Chine Walking and Porpoising of A Double-Stepped Planing Hull in Calm Water

High-speed planing craft are very popular vessels but are prone to dynamic instabilities like chine walking and porpoising. While porpoising has been studied experimentally and numerically in the literature, there is little published about porpoising of stepped hulls. There is also very little published about chine walking for any hull forms. Recently, experiments to induce porpoising and chine walking in the laboratory environment were carried out at the US Naval Academy on a double stepped planing hull.
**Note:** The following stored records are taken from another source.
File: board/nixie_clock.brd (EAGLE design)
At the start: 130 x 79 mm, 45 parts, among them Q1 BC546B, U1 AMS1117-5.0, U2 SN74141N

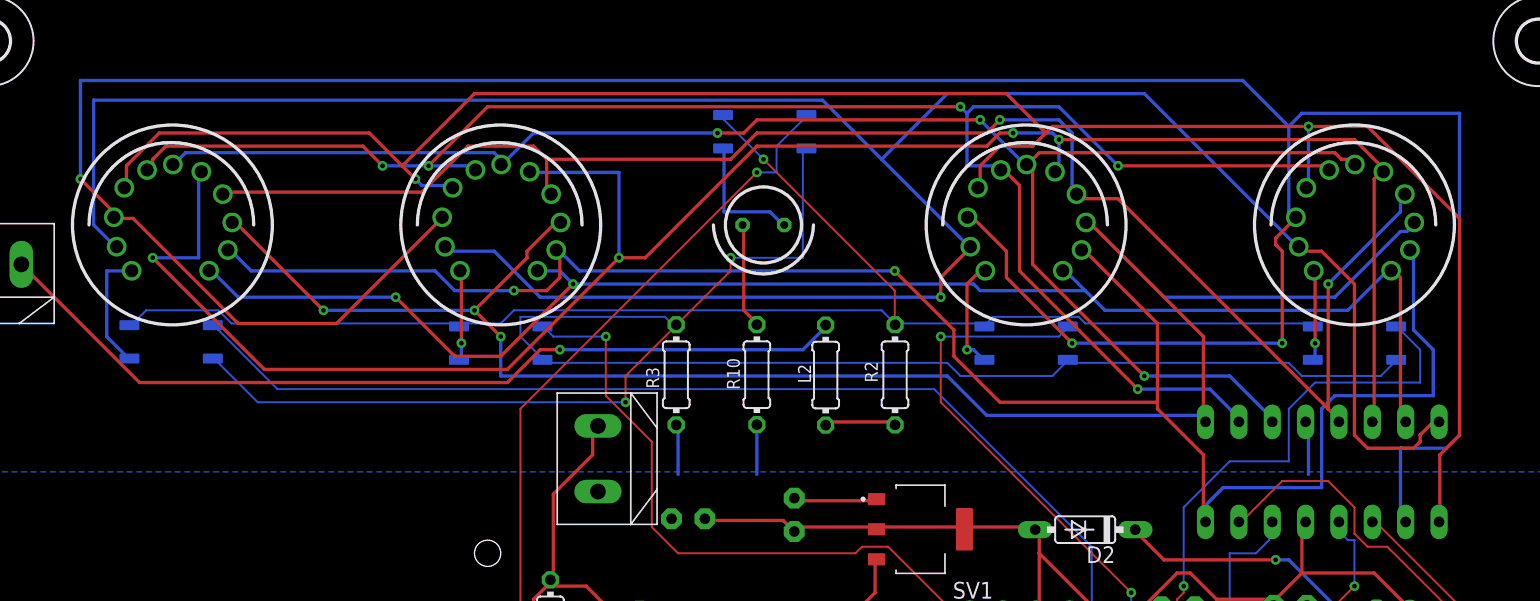
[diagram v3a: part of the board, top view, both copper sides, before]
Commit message: rounded off 90 degree wire turns
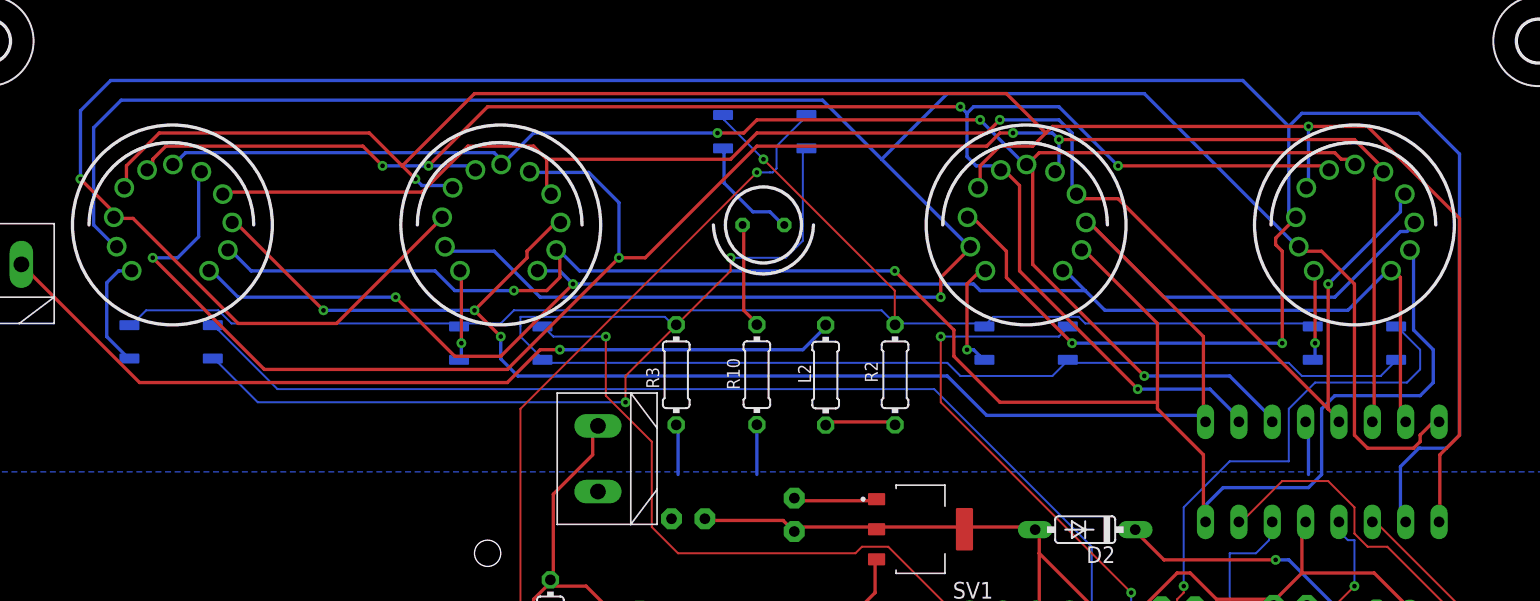
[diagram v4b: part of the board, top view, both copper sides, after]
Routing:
- net K9: track 232.2 -> 228.3 mm
- net K5: track 151.5 -> 149.2 mm
- net A_DOT: track 9.84 -> 8.55 mm
- net K0: track 191.0 -> 189.7 mm
- net K2: track 143.3 -> 142.2 mm
- net K3: track 141.0 -> 140.3 mm
- net N$16: track 144.1 -> 143.3 mm
- net N$3: track 61.8 -> 61.2 mm
- net A_10H: track 9.30 -> 8.77 mm

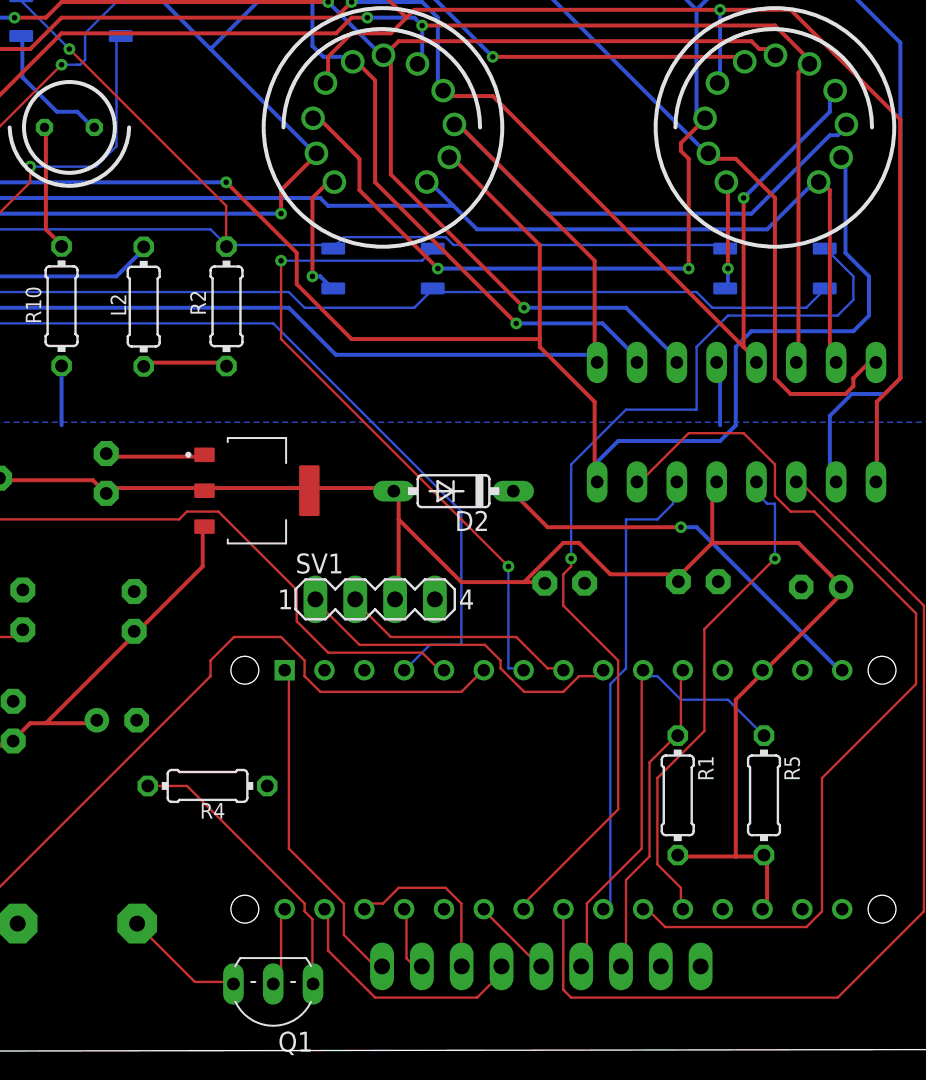
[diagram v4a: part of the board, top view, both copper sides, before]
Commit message: Connected 12V to buzzer.
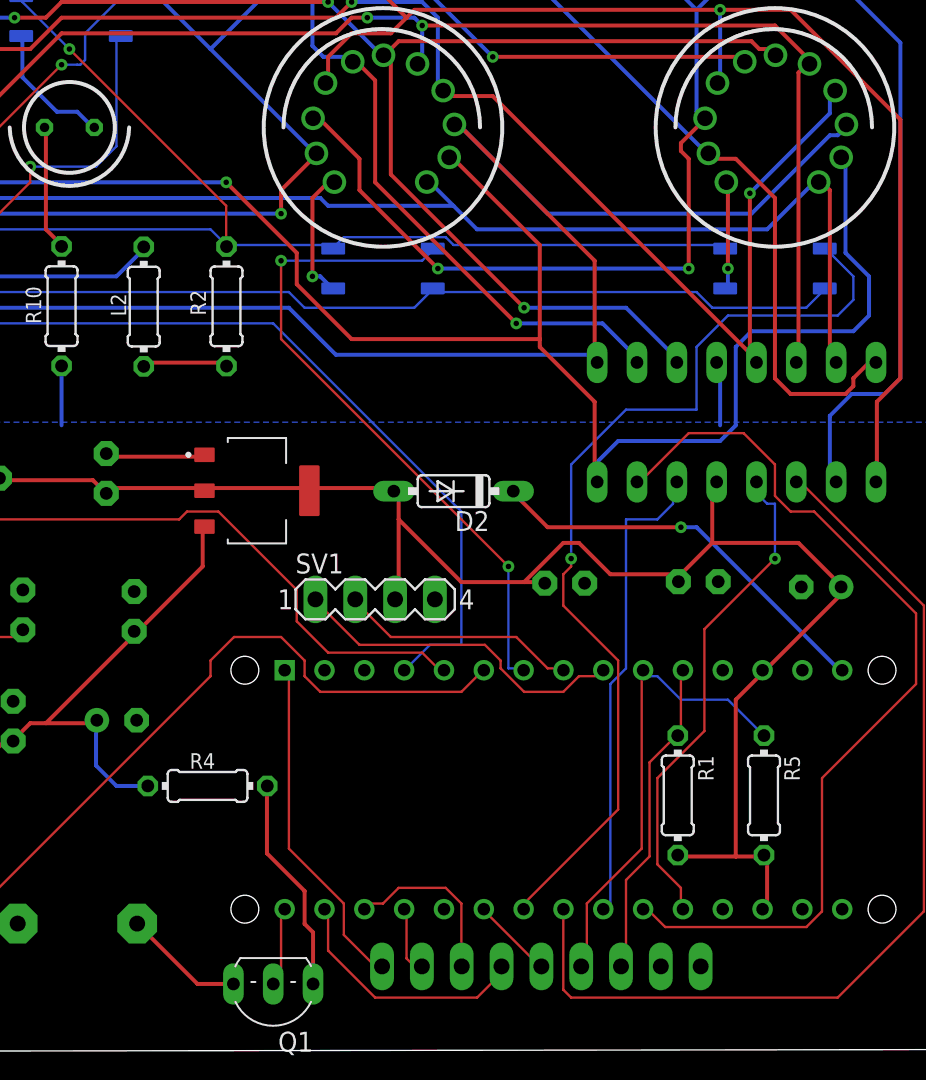
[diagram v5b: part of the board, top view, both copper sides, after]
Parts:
- turned R4 to 0 degrees
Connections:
- net +12V: now also R4.1
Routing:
- net +12V: track 42.4 -> 49.1 mm
- net N$7: track 18.4 -> 13.9 mm
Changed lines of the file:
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@@
 <attribute name="VALUE" x="58.8426" y="46.5644" size="0.9906" layer="27" ratio="10" rot="R90"/>
 </element>
-<element name="R4" library="rcl" library_urn="urn:adsk.eagle:library:334" package="0204/7" package3d_urn="urn:adsk.eagle:package:23498/2" value="100" x="73.81" y="17" smashed="yes" rot="R180">
-<attribute name="NAME" x="74.95" y="15.9046" size="0.9906" layer="25" ratio="10" rot="R180"/>
-<attribute name="POPULARITY" value="79" x="35.71" y="102.09" size="1.778" layer="27" rot="R180" display="off"/>
-<attribute name="SPICEPREFIX" value="R" x="35.71" y="102.09" size="1.778" layer="27" rot="R180" display="off"/>
-<attribute name="VALUE" x="75.4356" y="17.4826" size="0.9906" layer="27" ratio="10" rot="R180"/>
+<element name="R4" library="rcl" library_urn="urn:adsk.eagle:library:334" package="0204/7" package3d_urn="urn:adsk.eagle:package:23498/2" value="100" x="73.81" y="17" smashed="yes">
+<attribute name="NAME" x="72.67" y="18.0954" size="0.9906" layer="25" ratio="10"/>
+<attribute name="POPULARITY" value="79" x="111.91" y="-68.09" size="1.778" layer="27" display="off"/>
+<attribute name="SPICEPREFIX" value="R" x="111.91" y="-68.09" size="1.778" layer="27" display="off"/>
+<attribute name="VALUE" x="72.1844" y="16.5174" size="0.9906" layer="27" ratio="10"/>
 </element>
 <element name="U1" library="AMS1117-5.0" package="SOT229P700X180-4N" value="AMS1117-5.0" x="76.96" y="35.83" smashed="yes" rot="R270">
@@
 <wire x1="63.5" y1="21" x2="69" y2="26.5" width="0.254" layer="1"/>
 <wire x1="69" y1="26.5" x2="69.13" y2="26.86" width="0.254" layer="1"/>
+<contactref element="R4" pad="1"/>
+<wire x1="70" y1="17" x2="68" y2="17" width="0.254" layer="16"/>
+<wire x1="68" y1="17" x2="66.7" y2="18.3" width="0.254" layer="16"/>
+<wire x1="66.7" y1="18.3" x2="66.7" y2="21.14" width="0.254" layer="16"/>
+<wire x1="66.7" y1="21.14" x2="66.75" y2="21.19" width="0.254" layer="16"/>
 </signal>
 <signal name="+5V" class="1">
@@
 <wire x1="24" y1="61.5" x2="23.8374" y2="61.3476" width="0.254" layer="1"/>
 <wire x1="48.5" y1="61.5" x2="48.8374" y2="61.3476" width="0.254" layer="1"/>
-<wire x1="92" y1="61" x2="108" y2="45" width="0.254" layer="1"/>
-<wire x1="108" y1="45" x2="108.5" y2="44.5" width="0.254" layer="1"/>
+<wire x1="92" y1="61" x2="108.4" y2="44.6" width="0.254" layer="1"/>
+<wire x1="108.4" y1="44.6" x2="108.5" y2="44.5" width="0.254" layer="1"/>
 <wire x1="89" y1="61" x2="92" y2="61" width="0.254" layer="1"/>
 <wire x1="108.5" y1="44.5" x2="108.82" y2="44.01" width="0.254" layer="1"/>
 <wire x1="89" y1="61" x2="88.8374" y2="61.3476" width="0.254" layer="1"/>
-<wire x1="113.5" y1="60" x2="113.5" y2="61" width="0.254" layer="16"/>
-<wire x1="108" y1="54.5" x2="113.5" y2="60" width="0.254" layer="16"/>
-<wire x1="108" y1="45" x2="108" y2="54.5" width="0.254" layer="1"/>
+<wire x1="113.5" y1="59.9" x2="113.5" y2="61" width="0.254" layer="16"/>
+<wire x1="108.4" y1="54.8" x2="113.5" y2="59.9" width="0.254" layer="16"/>
+<wire x1="108.4" y1="44.6" x2="108.4" y2="54.8" width="0.254" layer="1"/>
 <wire x1="113.5" y1="61" x2="113.8374" y2="61.3476" width="0.254" layer="16"/>
 <wire x1="62.5" y1="64" x2="48.5" y2="64" width="0.254" layer="1"/>
@@
 <wire x1="88.5" y1="61.5" x2="88.5" y2="66" width="0.254" layer="16"/>
 <wire x1="88.5" y1="61.5" x2="88.8374" y2="61.3476" width="0.254" layer="16"/>
-<via x="108" y="54.5" extent="1-16" drill="0.35"/>
+<via x="108.4" y="54.8" extent="1-16" drill="0.35"/>
 <via x="83" y="67" extent="1-16" drill="0.35"/>
 </signal>
@@
 <contactref element="R4" pad="2"/>
 <contactref element="Q1" pad="C"/>
-<wire x1="80.5" y1="8.5" x2="80.5" y2="4.5" width="0.1524" layer="1"/>
-<wire x1="80" y1="9" x2="80.5" y2="8.5" width="0.1524" layer="1"/>
-<wire x1="80" y1="9.5" x2="80" y2="9" width="0.1524" layer="1"/>
-<wire x1="72.5" y1="17" x2="80" y2="9.5" width="0.1524" layer="1"/>
-<wire x1="70" y1="17" x2="72.5" y2="17" width="0.1524" layer="1"/>
-<wire x1="80.5" y1="4.5" x2="80.54" y2="4.37" width="0.1524" layer="1"/>
+<wire x1="80.54" y1="4.37" x2="80.54" y2="7.66" width="0.254" layer="1"/>
+<wire x1="80" y1="8.2" x2="80" y2="10.3" width="0.254" layer="1"/>
+<wire x1="80" y1="10.3" x2="77.6" y2="12.7" width="0.254" layer="1"/>
+<wire x1="80.54" y1="7.66" x2="80" y2="8.2" width="0.254" layer="1"/>
+<wire x1="77.6" y1="16.98" x2="77.62" y2="17" width="0.254" layer="1"/>
+<wire x1="77.6" y1="12.7" x2="77.6" y2="16.98" width="0.254" layer="1"/>
 </signal>
 <signal name="BUZ_IN">
 <contactref element="Q1" pad="E"/>
 <contactref element="BUZZER" pad="+"/>
-<wire x1="73" y1="4.5" x2="75" y2="4.5" width="0.1524" layer="1"/>
-<wire x1="69.5" y1="8" x2="73" y2="4.5" width="0.1524" layer="1"/>
-<wire x1="75" y1="4.5" x2="75.46" y2="4.37" width="0.1524" layer="1"/>
-<wire x1="69.5" y1="8" x2="69.32" y2="8.22" width="0.1524" layer="1"/>
+<wire x1="69.32" y1="8.22" x2="73.17" y2="4.37" width="0.254" layer="1"/>
+<wire x1="73.17" y1="4.37" x2="75.46" y2="4.37" width="0.254" layer="1"/>
 </signal>
 <signal name="BUZ_SGN">

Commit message: added nixie tube testing script.
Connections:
- net N$11 renamed D
- net N$12 renamed C
- net N$13 renamed B
- net N$14 renamed A
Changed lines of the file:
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@@
 <wire x1="46.5" y1="51.5" x2="46.5" y2="51.5" width="0.1524" layer="16"/>
 </signal>
-<signal name="N$11">
+<signal name="D">
 <contactref element="U2" pad="4"/>
 <contactref element="ARDUINO_NANO" pad="20"/>
@@
 <via x="110" y="31.5" extent="1-16" drill="0.35"/>
 </signal>
-<signal name="N$12">
+<signal name="C">
 <contactref element="U2" pad="7"/>
 <contactref element="ARDUINO_NANO" pad="21"/>
@@
 <wire x1="101.5" y1="36.5" x2="101.2" y2="36.39" width="0.1524" layer="1"/>
 </signal>
-<signal name="N$13">
+<signal name="B">
 <contactref element="U2" pad="6"/>
 <contactref element="ARDUINO_NANO" pad="22"/>
@@
 <wire x1="103.5" y1="36" x2="103.74" y2="36.39" width="0.1524" layer="16"/>
 </signal>
-<signal name="N$14">
+<signal name="A">
 <contactref element="U2" pad="3"/>
 <contactref element="ARDUINO_NANO" pad="23"/>

The model was run at two different displacements with speeds ranging from 4.2 to 9.7 m/s, and the position of the longitudinal center of mass (LCG) was varied. Experiments were conducted with a free-to-heave, free-to-pitch, and free-to-roll set up as well as either free-to-yaw or fixed in yaw. Kinematic motions and videos of the runs were taken. In these experiments, both porpoising and chine walking were observed. Porpoising is more likely for the lighter displacement hull, but chine walking appears to be equally likely for both displacements. It was observed that the porpoising behavior is a coupled pitch and heave behavior, which confirms previous work for non-stepped hulls. Chine walking was observed to be a roll and yaw coupled behavior, despite Blount and Codega (1992) stating it is only a roll instability. Chine walking appears to be initiated by a roll motion that leads into the yaw motion. As the speed of the vessel increases, the amplitude of the chine walking motion decreases. It was observed that some instances of chine walking also included small amplitudes of motion that indicate porpoising behavior that is not visible in the video but present in the time-history data. The behavior of chinewalking and porpoising together was most notable for the heavier displacement and furthest aft LCG.